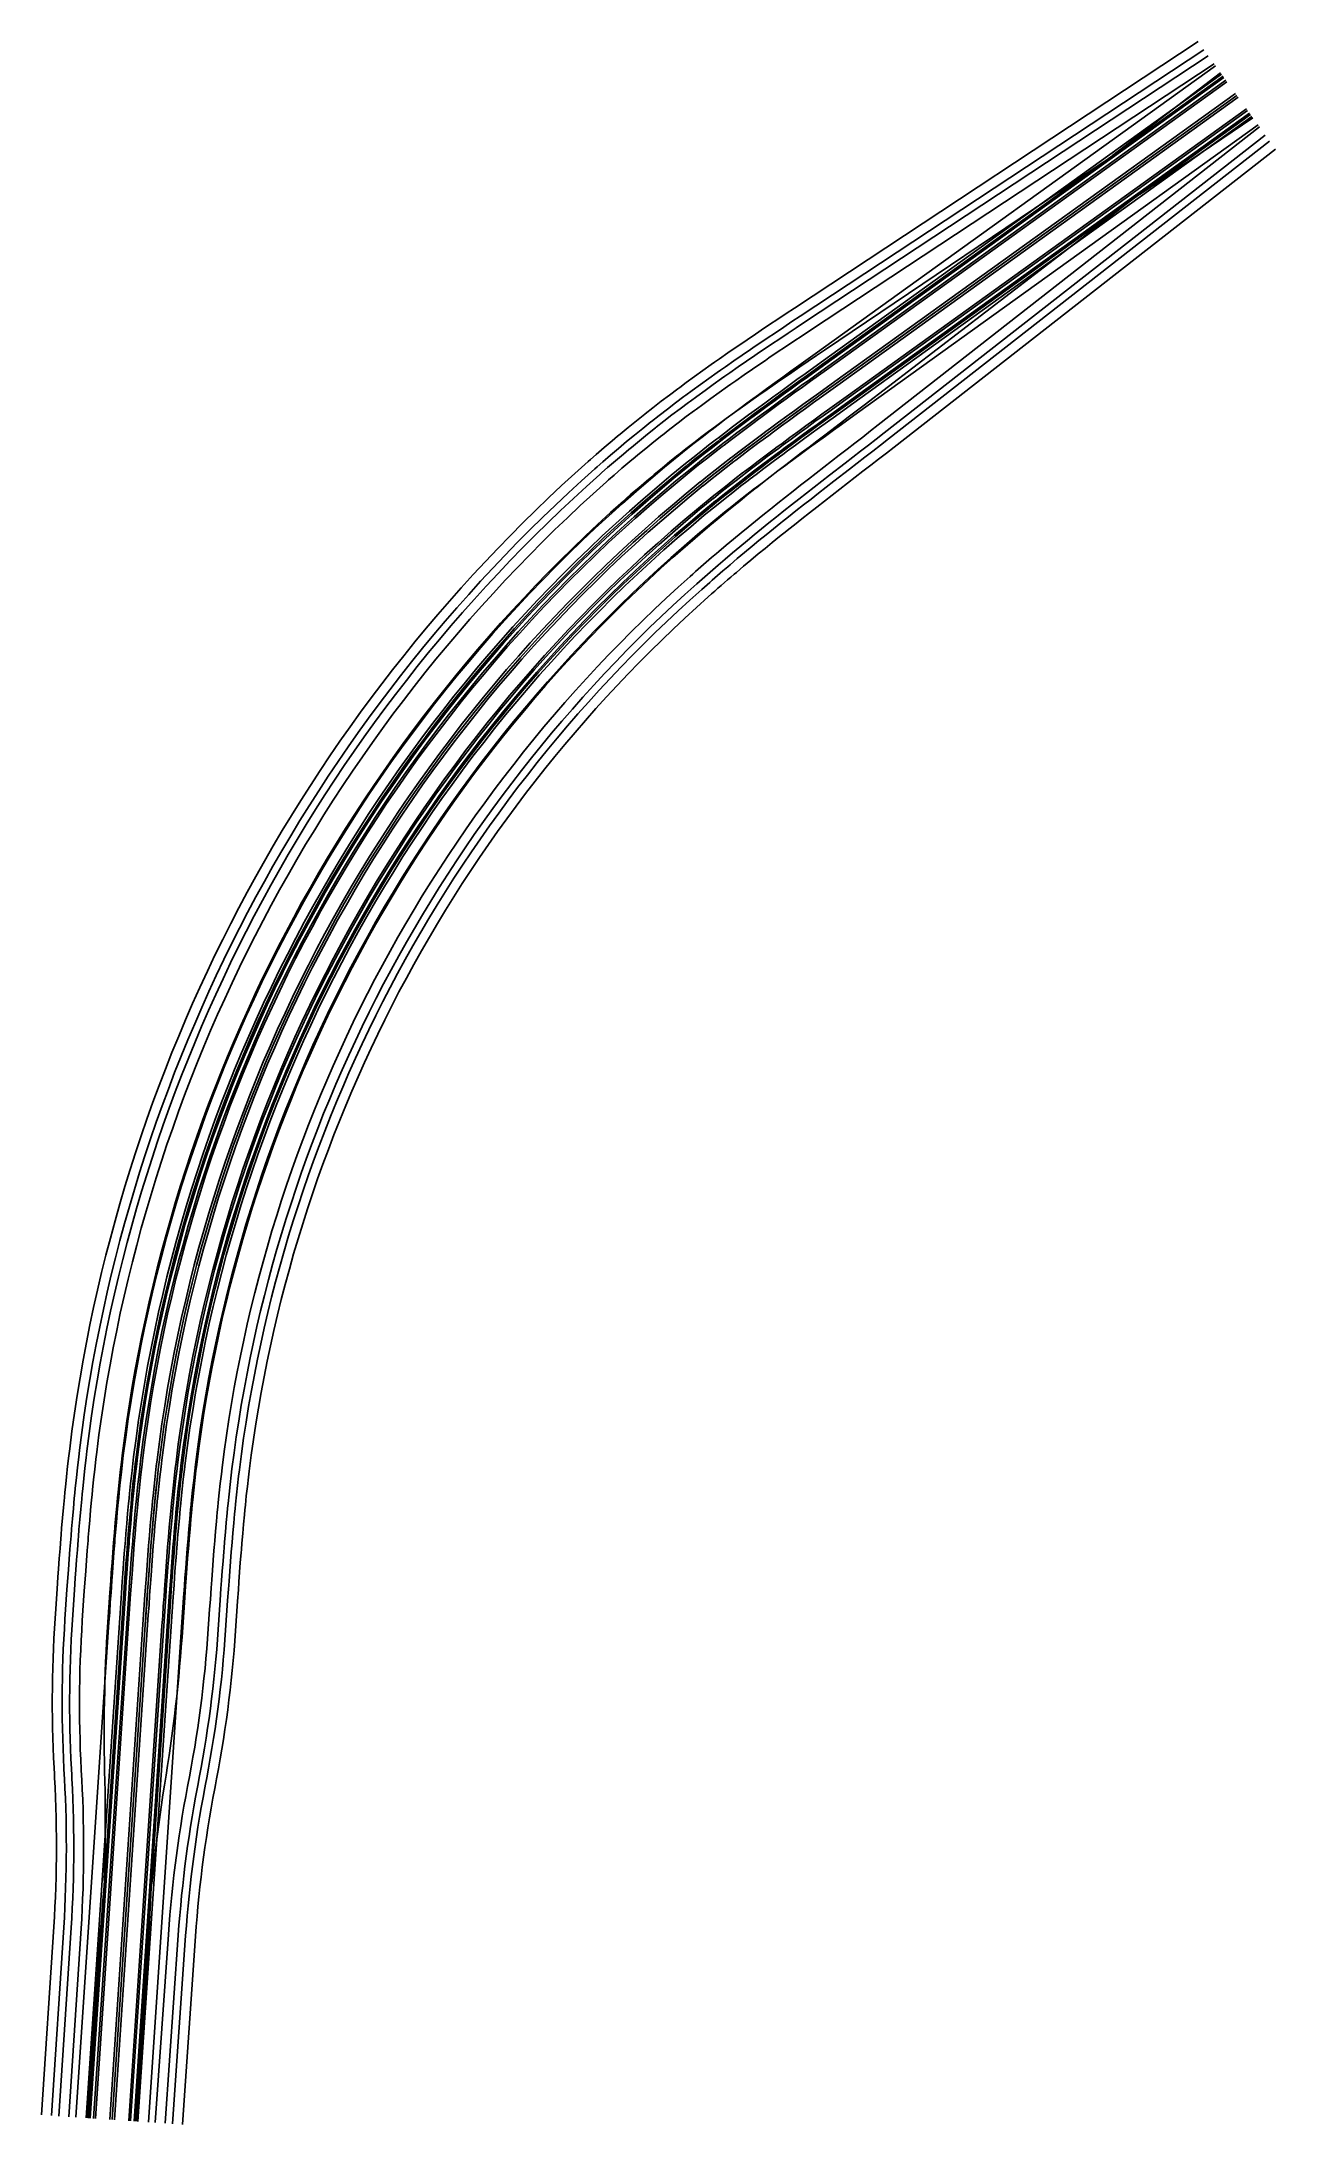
# Model space of a CAD drawing. Extents: x 85617 to 85865, y 436878 to 437298.
import ezdxf

# ---------------------------------------------------------------- set-up
doc = ezdxf.new("R2010")
doc.units = 0
for name, color, linetype in [('N-WE-AM-AS-G', 7, 'Continuous'), ('N-WE-AM-AS_OVERGANG-G', 7, 'Continuous'), ('N-WE-AM-AS_WEG_CIRKEL-G', 7, 'Continuous'), ('N-WE-BV-GELEIDECONSTRUCTIE_ACHTERZIJDE-G', 7, 'Continuous'), ('N-WE-BV-GELEIDECONSTRUCTIE_VOORZIJDE-G', 7, 'Continuous'), ('N-WE-GW-BERM-G', 7, 'Continuous'), ('N-WE-GW-CUNET-G', 7, 'Continuous'), ('N-WE-GW-GRONDWERKLIJN_TEEN-G', 7, 'Continuous'), ('N-WE-GW-WATERGANG_INSTEEK-G', 7, 'Continuous'), ('N-WE-GW-WATERGANG_WATERLIJN_WINTERPEIL-G', 7, 'Continuous'), ('N-WE-GW-ZANDLIJN-G', 7, 'Continuous'), ('N-WE-VH-KANTVERHARDING-G', 7, 'Continuous'), ('N-WE-VH-VERHARDING_KNIKLIJN-G', 7, 'Continuous'), ('N-WE-VW-MARKERING_LANGS_STREEP_33_015-G', 7, 'Continuous'), ('N-WE-VW-MARKERING_LANGS_STREEP_DOORGETROKKEN_015-G', 7, 'Continuous')]:
    doc.layers.add(name, color=color, linetype=linetype)

# ---------------------------------------------------------------- blocks, each defined once
blk = doc.blocks.new('U4')
at = {"layer": 'N-WE-AM-AS-G'}
for p, q in [((85776.48, 437228.59), (85857.67, 437286.96)), ((85630.84, 436878.86), (85637.55, 436978.64))]:
    blk.add_line(p, q, dxfattribs=at)
at = {"layer": 'N-WE-AM-AS_OVERGANG-G'}
for points in [[(85749.78, 437208.64), (85750.86, 437209.51), (85751.95, 437210.37), (85753.04, 437211.23), (85754.13, 437212.09), (85755.23, 437212.94), (85756.33, 437213.79), (85758.54, 437215.47), (85760.76, 437217.14), (85762.99, 437218.8), (85765.22, 437220.45), (85767.47, 437222.09), (85769.72, 437223.72), (85770.84, 437224.53), (85771.97, 437225.35), (85773.09, 437226.16), (85774.22, 437226.97), (85775.35, 437227.78), (85776.48, 437228.59)], [(85637.55, 436978.64), (85637.64, 436980.02), (85637.73, 436981.41), (85637.83, 436982.8), (85637.92, 436984.18), (85638.02, 436985.57), (85638.11, 436986.95), (85638.31, 436989.72), (85638.52, 436992.49), (85638.74, 436995.26), (85638.97, 436998.03), (85639.22, 437000.8), (85639.48, 437003.56), (85639.62, 437004.94), (85639.76, 437006.33), (85639.91, 437007.71), (85640.07, 437009.09), (85640.23, 437010.47), (85640.39, 437011.85)]]:
    blk.add_lwpolyline(points, dxfattribs=at)
at = {"layer": 'N-WE-AM-AS_WEG_CIRKEL-G'}
blk.add_arc((85938.14, 436975.15), 300, 128.8935, 172.9732, dxfattribs=at)
blk = doc.blocks.new('U5')
at = {"layer": 'N-WE-GW-CUNET-G'}
blk.add_line((85832.58, 437274.81), (85854.4, 437291.51), dxfattribs=at)
blk.add_lwpolyline([(85625.92, 436879.19), (85628.54, 436917.1), (85628.68, 436919.1), (85628.83, 436921.09), (85629, 436923.09), (85629.18, 436925.08)], dxfattribs=at)
blk = doc.blocks.new('U6')
at = {"layer": 'N-WE-GW-CUNET-G'}
blk.add_line((85838.16, 437267.05), (85860.94, 437282.41), dxfattribs=at)
blk.add_lwpolyline([(85635.76, 436878.53), (85638.24, 436916.45), (85638.37, 436918.45), (85638.48, 436920.45), (85638.58, 436922.44), (85638.67, 436924.44)], dxfattribs=at)

msp = doc.modelspace()

# ---------------------------------------------------------------- linework, layer by layer
at = {"layer": 'N-WE-BV-GELEIDECONSTRUCTIE_ACHTERZIJDE-G'}
for points in [[(85746.49, 437212.72), (85747.97, 437213.9), (85749.56, 437215.17), (85751.16, 437216.42), (85752.77, 437217.66), (85753.14, 437217.95), (85754.37, 437218.89), (85755.99, 437220.11), (85757.6, 437221.32), (85759.22, 437222.53), (85759.87, 437223.01), (85760.84, 437223.73), (85762.47, 437224.92), (85764.09, 437226.11), (85765.72, 437227.29), (85767.35, 437228.47), (85768.97, 437229.65), (85770.6, 437230.82), (85773.85, 437233.16), (85854.62, 437291.21)], [(85753.07, 437204.56), (85754.5, 437205.71), (85756.04, 437206.93), (85757.59, 437208.15), (85759.15, 437209.35), (85759.52, 437209.63), (85760.72, 437210.55), (85762.3, 437211.75), (85763.88, 437212.93), (85765.47, 437214.12), (85766.11, 437214.59), (85767.06, 437215.3), (85768.66, 437216.47), (85770.27, 437217.64), (85771.87, 437218.81), (85773.49, 437219.98), (85775.1, 437221.15), (85776.72, 437222.31), (85779.97, 437224.65), (85860.73, 437282.71)], [(85625.61, 436879.22), (85632.32, 436978.99), (85632.45, 436980.99), (85632.59, 436982.99), (85632.72, 436984.99), (85632.89, 436987.32), (85633.01, 436988.99), (85633.15, 436991), (85633.31, 436993.01), (85633.46, 436995.02), (85633.52, 436995.69), (85633.63, 436997.03), (85633.8, 436999.04), (85633.98, 437001.05), (85634.17, 437003.07), (85634.27, 437004.08), (85634.37, 437005.09), (85634.58, 437007.1), (85634.8, 437009.12), (85635.03, 437011.14), (85635.19, 437012.49)], [(85636.07, 436878.51), (85642.77, 436978.29), (85642.91, 436980.28), (85643.04, 436982.27), (85643.18, 436984.26), (85643.34, 436986.58), (85643.46, 436988.24), (85643.6, 436990.22), (85643.75, 436992.2), (85643.91, 436994.18), (85643.96, 436994.84), (85644.07, 436996.16), (85644.24, 436998.13), (85644.41, 437000.1), (85644.6, 437002.07), (85644.69, 437003.05), (85644.79, 437004.03), (85645, 437005.99), (85645.21, 437007.95), (85645.44, 437009.9), (85645.59, 437011.2)]]:
    msp.add_lwpolyline(points, dxfattribs=at)
for radius in [305.24, 294.76]:
    msp.add_arc((85938.14, 436975.15), radius, 128.8935, 172.9732, dxfattribs=at)
at = {"layer": 'N-WE-BV-GELEIDECONSTRUCTIE_VOORZIJDE-G'}
for points in [[(85746.99, 437212.09), (85748.47, 437213.28), (85750.06, 437214.54), (85751.65, 437215.79), (85753.25, 437217.02), (85753.63, 437217.31), (85754.86, 437218.25), (85756.47, 437219.47), (85758.08, 437220.68), (85759.7, 437221.89), (85760.35, 437222.37), (85761.32, 437223.09), (85762.94, 437224.28), (85764.56, 437225.47), (85766.19, 437226.65), (85767.82, 437227.82), (85769.44, 437229), (85771.07, 437230.17), (85774.32, 437232.51), (85855.08, 437290.56)], [(85752.57, 437205.18), (85754, 437206.34), (85755.55, 437207.56), (85757.1, 437208.78), (85758.67, 437209.99), (85759.03, 437210.27), (85760.24, 437211.19), (85761.82, 437212.38), (85763.4, 437213.57), (85764.99, 437214.76), (85765.63, 437215.23), (85766.59, 437215.94), (85768.19, 437217.12), (85769.79, 437218.29), (85771.4, 437219.46), (85773.02, 437220.63), (85774.64, 437221.8), (85776.25, 437222.96), (85779.5, 437225.3), (85860.26, 437283.36)], [(85626.41, 436879.16), (85633.12, 436978.94), (85633.25, 436980.93), (85633.39, 436982.93), (85633.52, 436984.93), (85633.69, 436987.27), (85633.8, 436988.94), (85633.95, 436990.94), (85634.1, 436992.95), (85634.26, 436994.95), (85634.31, 436995.62), (85634.42, 436996.96), (85634.6, 436998.97), (85634.78, 437000.98), (85634.96, 437002.99), (85635.06, 437004), (85635.16, 437005.01), (85635.37, 437007.02), (85635.59, 437009.03), (85635.83, 437011.05), (85635.99, 437012.39)], [(85635.27, 436878.57), (85641.97, 436978.34), (85642.11, 436980.34), (85642.24, 436982.33), (85642.38, 436984.32), (85642.54, 436986.64), (85642.66, 436988.3), (85642.81, 436990.28), (85642.96, 436992.26), (85643.11, 436994.24), (85643.16, 436994.9), (85643.27, 436996.22), (85643.44, 436998.2), (85643.62, 437000.17), (85643.8, 437002.14), (85643.9, 437003.13), (85644, 437004.11), (85644.2, 437006.08), (85644.42, 437008.04), (85644.64, 437010), (85644.8, 437011.3)]]:
    msp.add_lwpolyline(points, dxfattribs=at)
for radius in [304.44, 295.56]:
    msp.add_arc((85938.14, 436975.15), radius, 128.8935, 172.9732, dxfattribs=at)
at = {"layer": 'N-WE-GW-BERM-G'}
for points in [[(85745.17, 437214.35), (85746.66, 437215.55), (85748.26, 437216.82), (85749.87, 437218.07), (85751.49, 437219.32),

══════

■ EXERCISE DIRECTIONS: Which lines in the records above contain the string "radius"? Copy them.

■ TASK OUTPUT:
for radius in [305.24, 294.76]:
    msp.add_arc((85938.14, 436975.15), radius, 128.8935, 172.9732, dxfattribs=at)
for radius in [304.44, 295.56]:
    msp.add_arc((85938.14, 436975.15), radius, 128.8935, 172.9732, dxfattribs=at)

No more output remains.